Virtual

Americas

Meetups

Understanding Visual Agents - August 7, 2025

Aug 7, 2025

9 AM Pacific

Online. Register for the Zoom!

Speakers

About this event

Join the Meetup to hear talks from experts on understanding visual agents.

Schedule

Foundational capabilities and models for generalist agents for computers

As we move toward a future where language agents can operate software, browse the web, and automate tasks across digital environments, a pressing challenge emerges: how do we build foundational models that can act as generalist agents for computers? In this talk, we explore the design of such agents—ones that combine vision, language, and action to understand complex interfaces and carry out user-intent accurately.

We present OmniACT as a case study, a benchmark that grounds this vision by pairing natural language prompts with UI screenshots and executable scripts for both desktop and web environments. Through OmniACT, we examine the performance of today’s top language and multimodal models, highlight the limitations in current agent behavior, and discuss research directions needed to close the gap toward truly capable, general-purpose digital agents.

BEARCUBS: Evaluating Web Agents' Real-World Information-Seeking Abilities

The talk focuses on the challenges of evaluating AI agents in dynamic web settings, the design and implementation of the BEARCUBS benchmark, and insights gained from human and agent performance comparisons. In the talk, we will discuss the significant performance gap between human users and current state-of-the-art agents, highlighting areas for future improvement in AI web navigation and information retrieval capabilities.

Implementing a Practical Vision-Based Android AI Agent

In this talk, I will share with you practical details of designing and implementing Android AI agents, using deki (GitHub - RasulOs/deki: ML model (or several models) to describe the contents of the UI screen)

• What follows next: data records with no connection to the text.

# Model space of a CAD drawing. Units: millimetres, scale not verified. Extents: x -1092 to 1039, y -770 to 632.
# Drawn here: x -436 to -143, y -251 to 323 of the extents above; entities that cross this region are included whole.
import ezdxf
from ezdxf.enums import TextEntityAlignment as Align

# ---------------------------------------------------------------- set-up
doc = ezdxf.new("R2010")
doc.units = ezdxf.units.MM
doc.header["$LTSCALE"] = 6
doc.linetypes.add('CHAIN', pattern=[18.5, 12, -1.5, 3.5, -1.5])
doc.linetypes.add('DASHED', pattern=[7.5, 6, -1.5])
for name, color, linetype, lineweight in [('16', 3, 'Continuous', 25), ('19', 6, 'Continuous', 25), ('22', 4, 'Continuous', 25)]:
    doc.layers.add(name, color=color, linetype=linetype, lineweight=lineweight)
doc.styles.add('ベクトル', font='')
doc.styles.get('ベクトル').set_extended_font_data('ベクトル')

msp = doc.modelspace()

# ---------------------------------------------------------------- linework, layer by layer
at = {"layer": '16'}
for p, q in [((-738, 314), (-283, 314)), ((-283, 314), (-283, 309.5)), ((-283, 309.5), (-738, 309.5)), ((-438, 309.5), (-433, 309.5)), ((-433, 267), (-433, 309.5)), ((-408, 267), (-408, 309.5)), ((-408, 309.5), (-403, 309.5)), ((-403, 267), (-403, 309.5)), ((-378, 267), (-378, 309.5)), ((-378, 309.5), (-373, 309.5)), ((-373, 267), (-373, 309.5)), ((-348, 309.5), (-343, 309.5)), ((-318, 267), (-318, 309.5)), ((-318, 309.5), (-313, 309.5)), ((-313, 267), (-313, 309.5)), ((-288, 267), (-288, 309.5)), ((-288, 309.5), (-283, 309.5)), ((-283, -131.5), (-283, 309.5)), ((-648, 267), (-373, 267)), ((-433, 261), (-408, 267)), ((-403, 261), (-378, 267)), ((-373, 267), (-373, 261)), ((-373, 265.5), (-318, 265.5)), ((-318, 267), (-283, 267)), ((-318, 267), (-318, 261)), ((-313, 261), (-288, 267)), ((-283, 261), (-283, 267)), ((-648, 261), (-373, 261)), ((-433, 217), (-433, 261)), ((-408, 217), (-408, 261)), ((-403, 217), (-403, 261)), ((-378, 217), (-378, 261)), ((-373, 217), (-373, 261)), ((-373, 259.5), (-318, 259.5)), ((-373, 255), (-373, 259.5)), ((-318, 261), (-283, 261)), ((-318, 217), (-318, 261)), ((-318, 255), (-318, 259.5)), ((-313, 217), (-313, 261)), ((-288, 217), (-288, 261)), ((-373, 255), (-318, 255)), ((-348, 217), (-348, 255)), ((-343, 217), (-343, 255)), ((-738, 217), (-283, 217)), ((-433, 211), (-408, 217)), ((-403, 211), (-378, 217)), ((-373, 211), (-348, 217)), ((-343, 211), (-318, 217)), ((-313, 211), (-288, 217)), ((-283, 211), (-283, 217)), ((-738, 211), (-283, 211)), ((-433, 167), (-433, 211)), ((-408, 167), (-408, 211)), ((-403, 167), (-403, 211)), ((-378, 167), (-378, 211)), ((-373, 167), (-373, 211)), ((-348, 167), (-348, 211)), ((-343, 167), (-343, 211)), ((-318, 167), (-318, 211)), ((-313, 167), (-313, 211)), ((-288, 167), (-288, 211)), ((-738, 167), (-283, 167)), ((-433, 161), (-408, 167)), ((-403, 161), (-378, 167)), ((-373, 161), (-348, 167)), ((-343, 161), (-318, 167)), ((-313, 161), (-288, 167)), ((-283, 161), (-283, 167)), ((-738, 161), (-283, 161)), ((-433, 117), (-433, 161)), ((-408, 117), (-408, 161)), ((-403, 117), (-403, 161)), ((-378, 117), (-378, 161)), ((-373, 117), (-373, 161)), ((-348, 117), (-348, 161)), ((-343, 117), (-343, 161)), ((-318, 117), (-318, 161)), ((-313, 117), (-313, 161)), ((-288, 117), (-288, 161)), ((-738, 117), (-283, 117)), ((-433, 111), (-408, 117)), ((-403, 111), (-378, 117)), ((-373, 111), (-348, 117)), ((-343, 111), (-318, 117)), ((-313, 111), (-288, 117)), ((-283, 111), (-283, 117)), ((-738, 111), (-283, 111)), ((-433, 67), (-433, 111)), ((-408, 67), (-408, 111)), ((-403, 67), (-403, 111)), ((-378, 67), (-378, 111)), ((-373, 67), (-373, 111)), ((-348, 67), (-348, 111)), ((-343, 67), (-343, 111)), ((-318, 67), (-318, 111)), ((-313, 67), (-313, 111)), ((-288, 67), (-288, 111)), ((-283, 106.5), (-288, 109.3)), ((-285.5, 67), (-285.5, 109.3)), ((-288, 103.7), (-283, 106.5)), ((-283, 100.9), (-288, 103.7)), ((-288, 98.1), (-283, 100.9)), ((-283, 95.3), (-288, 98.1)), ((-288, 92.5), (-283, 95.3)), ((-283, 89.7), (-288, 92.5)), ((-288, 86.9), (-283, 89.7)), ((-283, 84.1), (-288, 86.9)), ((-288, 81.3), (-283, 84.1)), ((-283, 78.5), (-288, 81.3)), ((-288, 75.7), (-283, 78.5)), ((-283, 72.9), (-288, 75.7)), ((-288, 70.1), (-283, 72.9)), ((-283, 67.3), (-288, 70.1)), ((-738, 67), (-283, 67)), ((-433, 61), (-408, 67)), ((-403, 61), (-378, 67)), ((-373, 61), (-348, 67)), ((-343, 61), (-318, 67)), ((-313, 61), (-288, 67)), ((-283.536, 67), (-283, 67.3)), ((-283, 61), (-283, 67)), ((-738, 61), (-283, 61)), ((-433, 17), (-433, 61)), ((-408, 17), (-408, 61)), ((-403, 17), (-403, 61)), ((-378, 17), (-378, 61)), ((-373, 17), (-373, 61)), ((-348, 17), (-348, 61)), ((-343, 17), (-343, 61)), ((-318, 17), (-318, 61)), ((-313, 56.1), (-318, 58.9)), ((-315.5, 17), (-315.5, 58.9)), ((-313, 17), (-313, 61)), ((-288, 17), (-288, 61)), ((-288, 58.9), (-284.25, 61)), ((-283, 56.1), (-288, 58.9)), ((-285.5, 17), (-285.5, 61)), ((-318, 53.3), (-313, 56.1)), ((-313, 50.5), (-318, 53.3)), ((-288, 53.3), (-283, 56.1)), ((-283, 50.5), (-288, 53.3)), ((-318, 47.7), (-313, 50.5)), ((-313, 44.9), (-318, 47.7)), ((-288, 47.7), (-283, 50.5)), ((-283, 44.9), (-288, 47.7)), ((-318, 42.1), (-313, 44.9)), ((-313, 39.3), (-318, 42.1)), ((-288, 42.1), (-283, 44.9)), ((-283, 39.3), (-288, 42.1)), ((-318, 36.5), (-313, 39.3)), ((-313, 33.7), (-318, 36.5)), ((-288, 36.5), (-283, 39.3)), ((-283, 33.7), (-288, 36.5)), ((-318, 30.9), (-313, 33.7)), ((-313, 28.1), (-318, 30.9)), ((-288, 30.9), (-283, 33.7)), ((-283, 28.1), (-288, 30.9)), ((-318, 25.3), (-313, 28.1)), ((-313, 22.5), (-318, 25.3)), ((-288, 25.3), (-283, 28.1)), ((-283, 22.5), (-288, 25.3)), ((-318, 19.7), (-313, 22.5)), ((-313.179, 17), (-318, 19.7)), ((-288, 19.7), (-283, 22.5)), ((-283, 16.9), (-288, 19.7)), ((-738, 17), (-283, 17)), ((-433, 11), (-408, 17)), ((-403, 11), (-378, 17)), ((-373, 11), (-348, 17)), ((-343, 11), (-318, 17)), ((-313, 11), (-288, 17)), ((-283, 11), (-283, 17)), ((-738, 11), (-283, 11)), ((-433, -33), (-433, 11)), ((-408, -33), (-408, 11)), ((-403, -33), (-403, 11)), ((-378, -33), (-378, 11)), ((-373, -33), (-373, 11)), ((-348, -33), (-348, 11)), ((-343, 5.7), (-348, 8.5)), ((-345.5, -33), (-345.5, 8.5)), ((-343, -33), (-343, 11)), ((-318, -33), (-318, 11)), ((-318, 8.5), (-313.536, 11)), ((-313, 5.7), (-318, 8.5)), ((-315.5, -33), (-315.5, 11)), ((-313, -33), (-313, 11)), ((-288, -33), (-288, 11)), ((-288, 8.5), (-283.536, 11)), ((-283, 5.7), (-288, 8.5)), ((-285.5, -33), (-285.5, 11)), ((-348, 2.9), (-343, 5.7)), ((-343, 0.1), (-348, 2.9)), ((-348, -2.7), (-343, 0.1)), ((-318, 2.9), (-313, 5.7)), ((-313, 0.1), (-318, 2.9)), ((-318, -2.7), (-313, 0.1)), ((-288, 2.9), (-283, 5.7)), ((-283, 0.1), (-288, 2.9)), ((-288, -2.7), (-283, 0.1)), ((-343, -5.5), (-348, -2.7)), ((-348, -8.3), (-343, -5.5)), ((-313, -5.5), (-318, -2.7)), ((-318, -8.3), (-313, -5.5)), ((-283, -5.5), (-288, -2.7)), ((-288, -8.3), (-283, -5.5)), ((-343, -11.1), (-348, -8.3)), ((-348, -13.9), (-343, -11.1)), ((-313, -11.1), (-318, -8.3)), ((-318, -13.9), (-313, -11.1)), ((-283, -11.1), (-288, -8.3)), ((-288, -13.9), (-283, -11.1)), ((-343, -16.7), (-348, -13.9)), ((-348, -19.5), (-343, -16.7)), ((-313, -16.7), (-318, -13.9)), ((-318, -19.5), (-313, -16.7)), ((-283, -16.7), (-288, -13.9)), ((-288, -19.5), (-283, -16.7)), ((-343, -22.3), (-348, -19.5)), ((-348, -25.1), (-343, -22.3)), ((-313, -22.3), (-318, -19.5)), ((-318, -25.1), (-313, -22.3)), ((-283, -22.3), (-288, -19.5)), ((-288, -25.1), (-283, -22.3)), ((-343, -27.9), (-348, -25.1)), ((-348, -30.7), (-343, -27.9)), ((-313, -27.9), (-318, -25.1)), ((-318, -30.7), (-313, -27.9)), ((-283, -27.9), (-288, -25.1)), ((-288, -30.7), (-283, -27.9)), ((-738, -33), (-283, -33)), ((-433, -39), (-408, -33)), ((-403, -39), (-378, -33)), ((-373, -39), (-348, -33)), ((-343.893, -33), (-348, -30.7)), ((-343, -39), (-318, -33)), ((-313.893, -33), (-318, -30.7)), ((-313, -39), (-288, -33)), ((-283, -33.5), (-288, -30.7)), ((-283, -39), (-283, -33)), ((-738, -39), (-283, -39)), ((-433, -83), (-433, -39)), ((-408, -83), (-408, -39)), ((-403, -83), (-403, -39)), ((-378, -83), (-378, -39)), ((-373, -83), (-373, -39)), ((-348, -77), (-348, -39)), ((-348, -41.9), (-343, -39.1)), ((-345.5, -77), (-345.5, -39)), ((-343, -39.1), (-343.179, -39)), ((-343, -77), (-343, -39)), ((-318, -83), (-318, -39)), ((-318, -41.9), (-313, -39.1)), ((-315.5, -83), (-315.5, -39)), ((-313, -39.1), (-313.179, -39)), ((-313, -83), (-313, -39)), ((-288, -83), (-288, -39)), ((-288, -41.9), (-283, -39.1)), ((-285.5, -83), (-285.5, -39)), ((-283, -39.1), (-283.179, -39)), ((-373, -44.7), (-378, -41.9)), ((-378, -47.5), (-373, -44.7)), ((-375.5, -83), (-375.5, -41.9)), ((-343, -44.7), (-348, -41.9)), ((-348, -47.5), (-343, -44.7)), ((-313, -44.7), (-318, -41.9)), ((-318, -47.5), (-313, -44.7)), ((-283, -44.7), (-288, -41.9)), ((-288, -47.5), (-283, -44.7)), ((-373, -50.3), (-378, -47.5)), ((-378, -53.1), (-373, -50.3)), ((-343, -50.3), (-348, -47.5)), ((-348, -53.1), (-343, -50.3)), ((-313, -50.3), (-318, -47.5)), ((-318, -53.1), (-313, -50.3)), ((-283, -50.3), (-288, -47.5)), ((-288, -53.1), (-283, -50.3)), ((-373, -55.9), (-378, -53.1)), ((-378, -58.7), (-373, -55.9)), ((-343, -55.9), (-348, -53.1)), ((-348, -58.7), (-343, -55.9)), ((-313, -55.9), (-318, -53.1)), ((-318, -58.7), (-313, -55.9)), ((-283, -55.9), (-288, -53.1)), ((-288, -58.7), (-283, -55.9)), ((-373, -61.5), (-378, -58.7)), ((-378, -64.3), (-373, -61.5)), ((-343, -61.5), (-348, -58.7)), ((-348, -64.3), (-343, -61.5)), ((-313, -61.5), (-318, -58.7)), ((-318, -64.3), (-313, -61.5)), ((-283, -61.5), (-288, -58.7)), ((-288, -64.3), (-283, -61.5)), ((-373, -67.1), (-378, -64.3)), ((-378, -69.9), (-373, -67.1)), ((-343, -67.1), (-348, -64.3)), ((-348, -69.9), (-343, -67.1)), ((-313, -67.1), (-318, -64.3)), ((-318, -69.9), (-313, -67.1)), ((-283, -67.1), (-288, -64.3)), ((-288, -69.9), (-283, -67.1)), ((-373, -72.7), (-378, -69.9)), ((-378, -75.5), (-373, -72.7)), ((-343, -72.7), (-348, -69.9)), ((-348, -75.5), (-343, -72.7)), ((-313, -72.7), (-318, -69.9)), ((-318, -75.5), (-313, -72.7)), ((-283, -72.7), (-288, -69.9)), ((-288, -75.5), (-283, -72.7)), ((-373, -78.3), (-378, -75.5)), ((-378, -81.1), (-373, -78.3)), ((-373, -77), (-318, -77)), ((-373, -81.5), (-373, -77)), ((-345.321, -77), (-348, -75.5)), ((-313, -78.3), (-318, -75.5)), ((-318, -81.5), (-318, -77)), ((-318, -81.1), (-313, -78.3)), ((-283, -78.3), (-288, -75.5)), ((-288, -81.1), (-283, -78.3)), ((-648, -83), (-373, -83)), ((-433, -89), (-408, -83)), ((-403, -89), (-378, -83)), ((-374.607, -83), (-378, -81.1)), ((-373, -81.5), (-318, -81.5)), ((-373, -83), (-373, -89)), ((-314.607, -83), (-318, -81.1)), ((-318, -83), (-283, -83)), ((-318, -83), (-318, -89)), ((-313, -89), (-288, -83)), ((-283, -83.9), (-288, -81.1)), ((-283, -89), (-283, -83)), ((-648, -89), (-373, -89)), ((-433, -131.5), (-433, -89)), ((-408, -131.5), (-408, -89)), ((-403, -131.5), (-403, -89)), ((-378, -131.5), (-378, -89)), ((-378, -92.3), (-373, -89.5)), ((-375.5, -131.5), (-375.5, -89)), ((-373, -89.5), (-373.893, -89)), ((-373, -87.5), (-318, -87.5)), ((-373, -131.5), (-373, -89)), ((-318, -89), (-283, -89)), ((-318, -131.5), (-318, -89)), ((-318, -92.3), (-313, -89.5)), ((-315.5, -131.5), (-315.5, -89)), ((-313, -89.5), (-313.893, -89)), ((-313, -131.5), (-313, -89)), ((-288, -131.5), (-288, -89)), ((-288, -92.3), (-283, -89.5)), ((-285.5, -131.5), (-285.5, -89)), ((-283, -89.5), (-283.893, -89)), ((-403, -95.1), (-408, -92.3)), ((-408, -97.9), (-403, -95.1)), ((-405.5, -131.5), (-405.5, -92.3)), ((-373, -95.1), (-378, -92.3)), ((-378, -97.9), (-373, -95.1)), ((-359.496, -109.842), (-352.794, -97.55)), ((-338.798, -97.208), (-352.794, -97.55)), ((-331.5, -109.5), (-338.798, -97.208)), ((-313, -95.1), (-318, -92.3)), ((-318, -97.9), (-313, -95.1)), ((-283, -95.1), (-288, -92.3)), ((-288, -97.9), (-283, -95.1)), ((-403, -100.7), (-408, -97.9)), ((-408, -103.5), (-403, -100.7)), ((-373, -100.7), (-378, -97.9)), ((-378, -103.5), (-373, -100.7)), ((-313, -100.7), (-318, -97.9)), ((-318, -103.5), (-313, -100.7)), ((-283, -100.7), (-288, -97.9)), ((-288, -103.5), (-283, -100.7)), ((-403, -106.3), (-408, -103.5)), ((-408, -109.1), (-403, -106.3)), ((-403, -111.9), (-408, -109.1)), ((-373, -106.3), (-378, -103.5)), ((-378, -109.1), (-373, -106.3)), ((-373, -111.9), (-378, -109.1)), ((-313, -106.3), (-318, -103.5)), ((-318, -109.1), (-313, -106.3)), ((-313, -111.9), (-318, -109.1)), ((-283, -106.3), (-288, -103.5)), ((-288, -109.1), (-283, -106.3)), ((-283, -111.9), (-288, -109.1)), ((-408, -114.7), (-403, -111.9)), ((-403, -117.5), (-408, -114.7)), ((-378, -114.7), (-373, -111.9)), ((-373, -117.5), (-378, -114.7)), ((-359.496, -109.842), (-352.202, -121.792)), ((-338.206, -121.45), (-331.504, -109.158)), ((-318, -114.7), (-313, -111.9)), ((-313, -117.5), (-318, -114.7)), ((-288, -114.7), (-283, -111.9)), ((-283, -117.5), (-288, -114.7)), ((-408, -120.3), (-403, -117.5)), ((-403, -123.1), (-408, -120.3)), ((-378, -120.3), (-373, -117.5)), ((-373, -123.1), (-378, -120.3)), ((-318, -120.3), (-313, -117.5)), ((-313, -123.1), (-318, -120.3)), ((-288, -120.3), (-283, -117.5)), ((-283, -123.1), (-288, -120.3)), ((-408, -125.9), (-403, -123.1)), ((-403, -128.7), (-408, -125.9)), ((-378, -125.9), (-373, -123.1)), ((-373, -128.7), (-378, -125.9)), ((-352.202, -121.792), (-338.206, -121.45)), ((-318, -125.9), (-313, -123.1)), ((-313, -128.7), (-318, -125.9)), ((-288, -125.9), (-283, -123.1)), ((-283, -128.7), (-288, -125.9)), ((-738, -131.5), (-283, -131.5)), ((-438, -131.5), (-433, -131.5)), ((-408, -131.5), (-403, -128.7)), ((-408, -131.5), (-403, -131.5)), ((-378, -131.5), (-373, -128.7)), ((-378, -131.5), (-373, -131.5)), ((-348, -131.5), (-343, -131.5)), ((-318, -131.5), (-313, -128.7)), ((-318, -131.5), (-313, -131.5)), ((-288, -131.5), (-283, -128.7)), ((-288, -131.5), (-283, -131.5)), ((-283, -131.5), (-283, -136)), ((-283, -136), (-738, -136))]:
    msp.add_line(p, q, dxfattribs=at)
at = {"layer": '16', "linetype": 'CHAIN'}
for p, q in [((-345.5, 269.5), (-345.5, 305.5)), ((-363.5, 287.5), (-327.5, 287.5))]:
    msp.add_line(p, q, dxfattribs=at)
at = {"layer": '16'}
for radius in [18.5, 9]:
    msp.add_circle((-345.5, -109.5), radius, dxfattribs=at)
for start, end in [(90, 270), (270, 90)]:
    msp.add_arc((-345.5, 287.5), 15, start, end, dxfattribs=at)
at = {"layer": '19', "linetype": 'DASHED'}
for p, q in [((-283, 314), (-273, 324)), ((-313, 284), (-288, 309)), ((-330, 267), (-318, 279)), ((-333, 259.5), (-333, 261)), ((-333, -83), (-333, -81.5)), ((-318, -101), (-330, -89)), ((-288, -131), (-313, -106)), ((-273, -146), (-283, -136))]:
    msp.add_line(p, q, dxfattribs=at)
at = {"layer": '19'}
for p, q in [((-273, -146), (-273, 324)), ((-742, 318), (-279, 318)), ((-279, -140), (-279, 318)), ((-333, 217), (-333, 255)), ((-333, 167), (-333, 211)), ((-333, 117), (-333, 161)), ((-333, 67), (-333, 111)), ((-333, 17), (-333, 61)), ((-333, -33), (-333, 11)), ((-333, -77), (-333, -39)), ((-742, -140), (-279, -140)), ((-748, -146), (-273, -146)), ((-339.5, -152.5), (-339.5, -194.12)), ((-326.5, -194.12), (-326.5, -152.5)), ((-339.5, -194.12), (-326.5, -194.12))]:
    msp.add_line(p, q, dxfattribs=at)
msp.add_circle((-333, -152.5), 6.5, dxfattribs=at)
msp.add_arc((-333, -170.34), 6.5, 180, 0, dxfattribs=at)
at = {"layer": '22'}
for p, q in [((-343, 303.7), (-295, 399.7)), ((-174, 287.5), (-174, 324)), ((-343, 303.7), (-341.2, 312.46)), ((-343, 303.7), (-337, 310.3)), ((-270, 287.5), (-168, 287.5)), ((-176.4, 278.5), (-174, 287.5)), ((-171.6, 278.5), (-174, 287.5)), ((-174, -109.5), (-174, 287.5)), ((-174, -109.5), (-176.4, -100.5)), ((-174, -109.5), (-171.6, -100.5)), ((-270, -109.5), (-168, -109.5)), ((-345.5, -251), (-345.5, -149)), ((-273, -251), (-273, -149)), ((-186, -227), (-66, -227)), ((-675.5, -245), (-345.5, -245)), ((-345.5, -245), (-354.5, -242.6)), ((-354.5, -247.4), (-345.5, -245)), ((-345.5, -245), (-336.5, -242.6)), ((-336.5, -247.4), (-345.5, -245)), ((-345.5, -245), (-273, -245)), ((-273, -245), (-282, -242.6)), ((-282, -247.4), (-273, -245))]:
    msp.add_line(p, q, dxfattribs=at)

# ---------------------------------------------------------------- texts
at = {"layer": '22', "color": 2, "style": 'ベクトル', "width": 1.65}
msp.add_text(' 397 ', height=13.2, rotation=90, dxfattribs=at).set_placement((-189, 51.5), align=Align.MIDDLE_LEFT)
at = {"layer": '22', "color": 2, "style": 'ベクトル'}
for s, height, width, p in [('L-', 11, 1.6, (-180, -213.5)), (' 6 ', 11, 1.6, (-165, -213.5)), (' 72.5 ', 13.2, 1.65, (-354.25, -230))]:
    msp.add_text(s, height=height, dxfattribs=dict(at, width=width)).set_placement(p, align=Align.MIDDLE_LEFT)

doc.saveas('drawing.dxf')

From theory, we will move to practice and the usage of these agents in
industry/production.

For end users - remote usage of Android phones or for automation of standard tasks. Such as:

"Write my friend 'some_name' in WhatsApp that I'll be 15 minutes late"
"Open Twitter in the browser and write a post about 'something'"
"Read my latest notifications and say if there are any important ones"
"Write a linkedin post about 'something'"

And for professionals - to enable agentic testing, a new type of test that only became possible because of the popularization of LLMs and AI agents that use them as a reasoning core.

Visual Agents: What it takes to build an agent that can navigate GUIs like humans

We’ll examine conceptual frameworks, potential applications, and future directions of technologies that can “see” and “act” with increasing independence. The discussion will touch on both current limitations and promising horizons in this evolving field.